_INSTRUCTIONS TO FOLLOW_: Please give the number of lines in the records below that include "roaddim", with no other output.

_EXERCISE MATERIAL_:
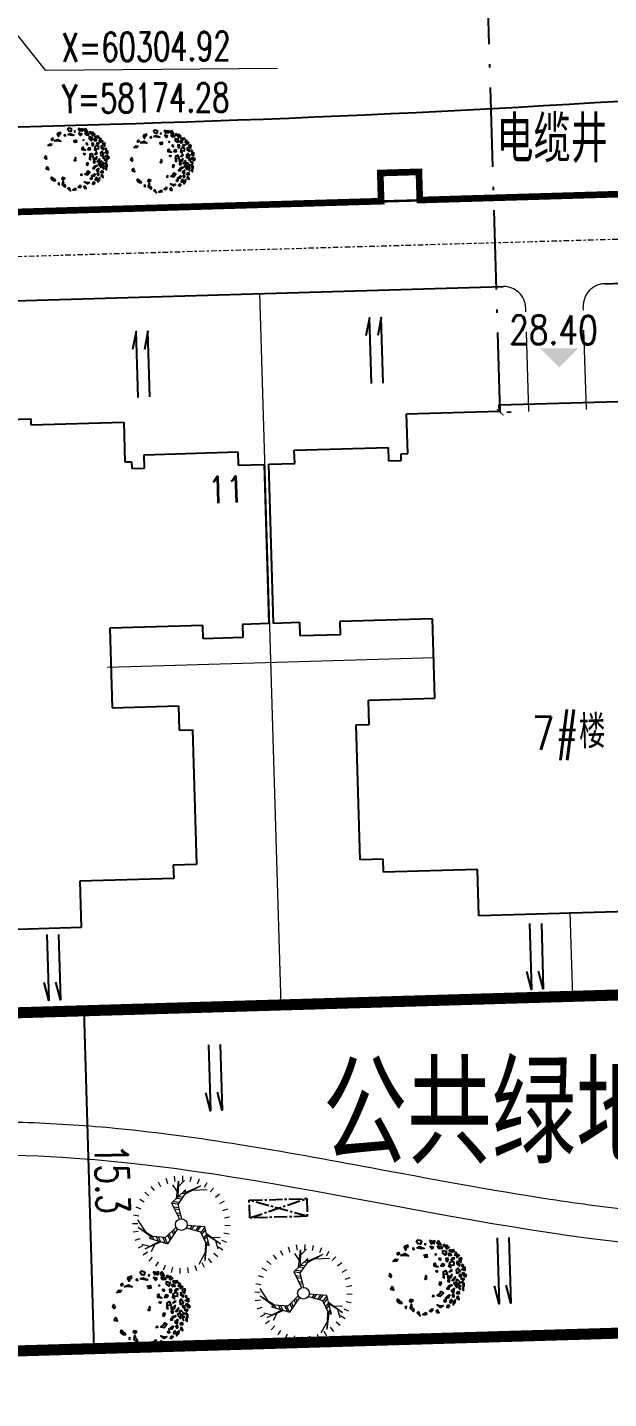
# Model space of a CAD drawing. Header units: inches. Extents: x 393 to 1582, y 246 to 1188.
# Drawn here: x 1139.4 to 1165.7, y 451.6 to 513.6 of the extents above; entities that cross this region are included whole.
import ezdxf

# ---------------------------------------------------------------- set-up
doc = ezdxf.new("R2010")
doc.units = ezdxf.units.IN
doc.header["$MEASUREMENT"] = 0
for name, pattern in [('ACAD_ISO10W100', [18.5, 12, -3, 0.5, -3]), ('CENTERX2', [4, 2.5, -0.5, 0.5, -0.5]), ('DASH', [0.35, 0.25, -0.1]), ('DASHED2', [0.375, 0.25, -0.125]), ('DOTE', [2.42, 2, -0.2, 0.02, -0.2])]:
    doc.linetypes.add(name, pattern=pattern)
for name, color, linetype in [('DIM', 4, 'Continuous'), ('drain', 4, 'Continuous'), ('ELEV', 1, 'Continuous'), ('FRAME', 7, 'Continuous'), ('GREEN', 64, 'Continuous'), ('parka', 30, 'DASH'), ('roaddim', 2, 'Continuous'), ('roadradiu', 3, 'Continuous'), ('公共绿地', 3, 'Continuous'), ('外墙', 42, 'Continuous'), ('建筑层数', 7, 'Continuous'), ('车库边线', 4, 'DOTE')]:
    doc.layers.add(name, color=color, linetype=linetype)
for name, color, linetype, lineweight in [('FENCE', 100, 'Continuous', 18), ('ROAD', 1, 'Continuous', 25), ('ROAD-CENTER', 7, 'CENTERX2', 18), ('ROAD-ZB', 4, 'Continuous', 15), ('walk', 2, 'Continuous', 18), ('围墙', 75, 'FENCELINE1', 15), ('建筑型号', 2, 'Continuous', 18), ('树', 84, 'Continuous', 15)]:
    doc.layers.add(name, color=color, linetype=linetype, lineweight=lineweight)
doc.styles.add('_HZTXT', font='txt.shx', dxfattribs={"width": 0.8, "bigfont": 'hztxt.shx'})
doc.styles.add('DIM_FONT', font='SIMPLEX.shx', dxfattribs={"width": 0.8})
doc.styles.add('HZ', font='simplex.shx', dxfattribs={"width": 0.7, "bigfont": 'hztxt.shx'})
doc.styles.add('宋体', font='', dxfattribs={"width": 0.7, "height": 1000})
doc.styles.get('宋体').set_extended_font_data('SimSun')
doc.linetypes.add('FENCELINE1', pattern='A,0.25,-0.1,[133,ltypeshp.shx,S=0.1,R=0,X=-0.1,Y=0],-0.1,1', length=1.45)
doc.dimstyles.new('NORMAL', dxfattribs={"dimtxt": 1.5, "dimasz": 0.3, "dimexe": 0.5, "dimexo": 0.3, "dimgap": 0.3, "dimtad": 1, "dimdec": 1, "dimzin": 1, "dimdsep": 46, "dimtxsty": 'HZ', "dimblk": 'ARCHTICK', "dimcen": 0, "dimclrt": 256, "dimadec": 0, "dimazin": 0, "dimtfac": 1, "dimtdec": 1, "dimtofl": 0, "dimtmove": 0, "dimatfit": 3, "dimldrblk": 'ARCHTICK', "dimfxl": 1, "dimtolj": 2, "dimtzin": 0, "dimarcsym": 0})

# ---------------------------------------------------------------- blocks, each defined once
blk = doc.blocks.new('psss')
at = {"layer": 'drain', "ltscale": 3}
for points in [[(-2.979, 0.527), (0.007, 0.531), (-0.808, 0.714)], [(-2.967, -0.004), (0, 0), (-0.815, 0.183)]]:
    blk.add_lwpolyline(points, dxfattribs=at)
blk = doc.blocks.new('_ARCHTICK')
at = {"color": 0, "linetype": 'ByBlock', "const_width": 0.15}
blk.add_lwpolyline([(-0.5, -0.5), (0.5, 0.5)], dxfattribs=at)
blk = doc.blocks.new('*D201')
at = {"layer": 'DEFPOINTS', "color": 0, "ltscale": 0.3, "transparency": 16777216}
for p in [(1141.997, 469.145), (1142.449, 453.862), (1142.449, 453.862)]:
    blk.add_point(p, dxfattribs=at)
at = {"layer": 'roaddim', "color": 0, "lineweight": -2, "ltscale": 0.3, "transparency": 16777216}
for p, q in [((1141.697, 469.136), (1141.497, 469.13)), ((1141.997, 469.145), (1142.449, 453.862)), ((1142.149, 453.853), (1141.95, 453.847))]:
    blk.add_line(p, q, dxfattribs=at)
at = {"layer": 'roaddim', "color": 0, "lineweight": -2, "ltscale": 0.3, "transparency": 16777216, "xscale": 0.3, "yscale": 0.3, "zscale": 0.3}
for p, rotation in [((1141.997, 469.145), 91.69492164964467), ((1142.449, 453.862), 271.6949216496446)]:
    blk.add_blockref('_ARCHTICK', p, dxfattribs=dict(at, rotation=rotation))
at = {"layer": 'roaddim', "ltscale": 0.3, "transparency": 16777216, "insert": (1143.273, 461.535), "char_height": 1.5, "attachment_point": 5, "rotation": 271.69492, "style": 'HZ'}
blk.add_mtext('\\A2;15.3', dxfattribs=at)
blk = doc.blocks.new('t2')
for p, q in [((-1.778, 2.79), (-1.586, 2.486)), ((-1.436, 2.005), (-0.893, 2.819)), ((-1.267, 3.056), (-1.13, 2.723)), ((-0.717, 3.229), (-0.64, 2.878)), ((-0.145, 3.305), (-0.13, 2.946)), ((0.431, 3.28), (0.383, 2.924)), ((0.994, 3.155), (0.885, 2.813)), ((1.527, 2.935), (1.36, 2.616)), ((-2.625, 2.013), (-2.34, 1.793)), ((-2.297, 1.922), (-2.202, 1.35)), ((-2.235, 2.438), (-1.993, 2.173)), ((-1.341, 2.608), (-1.585, 1.519)), ((-1.341, 2.608), (-1.511, 1.474)), ((2.013, 2.625), (1.793, 2.34)), ((2.438, 2.235), (2.173, 1.993)), ((-3.155, 0.994), (-2.813, 0.885)), ((-2.935, 1.527), (-2.616, 1.36)), ((-1.951, 1.096), (-2.528, 1.121)), ((-1.626, 0.774), (-2.499, 1.578)), ((-2.499, 1.578), (-1.631, 0.893)), ((-1.732, 1.609), (-1.56, 0.321)), ((-1.535, 1.473), (-1.732, 1.609)), ((-1.236, 0.622), (-1.535, 1.473)), ((1.058, 1.19), (0.278, 0.272)), ((2.259, 0.696), (1.058, 1.19)), ((1.483, 1.021), (2.616, 1.375)), ((2.616, 1.375), (1.589, 0.966)), ((1.925, 1.142), (2.235, 1.629)), ((2.813, 1.028), (2.27, 1.232)), ((2.79, 1.778), (2.486, 1.586)), ((3.056, 1.267), (2.723, 1.13)), ((-3.28, 0.431), (-2.924, 0.383)), ((-1.56, 0.321), (-0.375, 0.105)), ((-0.309, 0.252), (-1.236, 0.622)), ((0.372, 0.141), (1.156, 0.759)), ((1.156, 0.759), (2.043, 0.592)), ((2.929, -0.143), (2.032, 0.571)), ((2.043, 0.592), (2.259, 0.696)), ((2.929, -0.143), (2.108, 0.613)), ((2.454, 0.241), (2.888, -0.636)), ((3.229, 0.717), (2.878, 0.64)), ((3.305, 0.145), (2.946, 0.13)), ((-3.305, -0.145), (-2.946, -0.13)), ((-3.229, -0.717), (-2.878, -0.64)), ((-0.064, -0.393), (0.08, -1.381)), ((0.502, -1.511), (0.096, -0.377)), ((3.155, -0.994), (2.813, -0.885)), ((3.28, -0.431), (2.924, -0.383)), ((-3.056, -1.267), (-2.723, -1.13)), ((-2.79, -1.778), (-2.486, -1.586)), ((-0.527, -2.305), (0.502, -1.511)), ((0.08, -1.381), (-0.508, -2.066)), ((0.143, -1.795), (-0.117, -2.953)), ((-0.117, -2.953), (0.042, -1.859)), ((2.625, -2.013), (2.34, -1.793)), ((2.935, -1.527), (2.616, -1.36)), ((-2.438, -2.235), (-2.173, -1.993)), ((-2.013, -2.625), (-1.793, -2.34)), ((-1.018, -2.246), (-1.994, -2.183)), ((-1.588, -2.465), (-0.521, -2.045)), ((-1.588, -2.465), (-0.523, -2.132)), ((-1.527, -2.935), (-1.36, -2.616)), ((-0.508, -2.066), (-0.527, -2.305)), ((-0.516, -2.95), (-0.068, -2.582)), ((0.026, -2.238), (0.294, -2.75)), ((1.267, -3.056), (1.13, -2.723)), ((1.778, -2.79), (1.586, -2.486)), ((2.235, -2.438), (1.993, -2.173)), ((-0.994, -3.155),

_RESPONSE TO THE TASK_: 4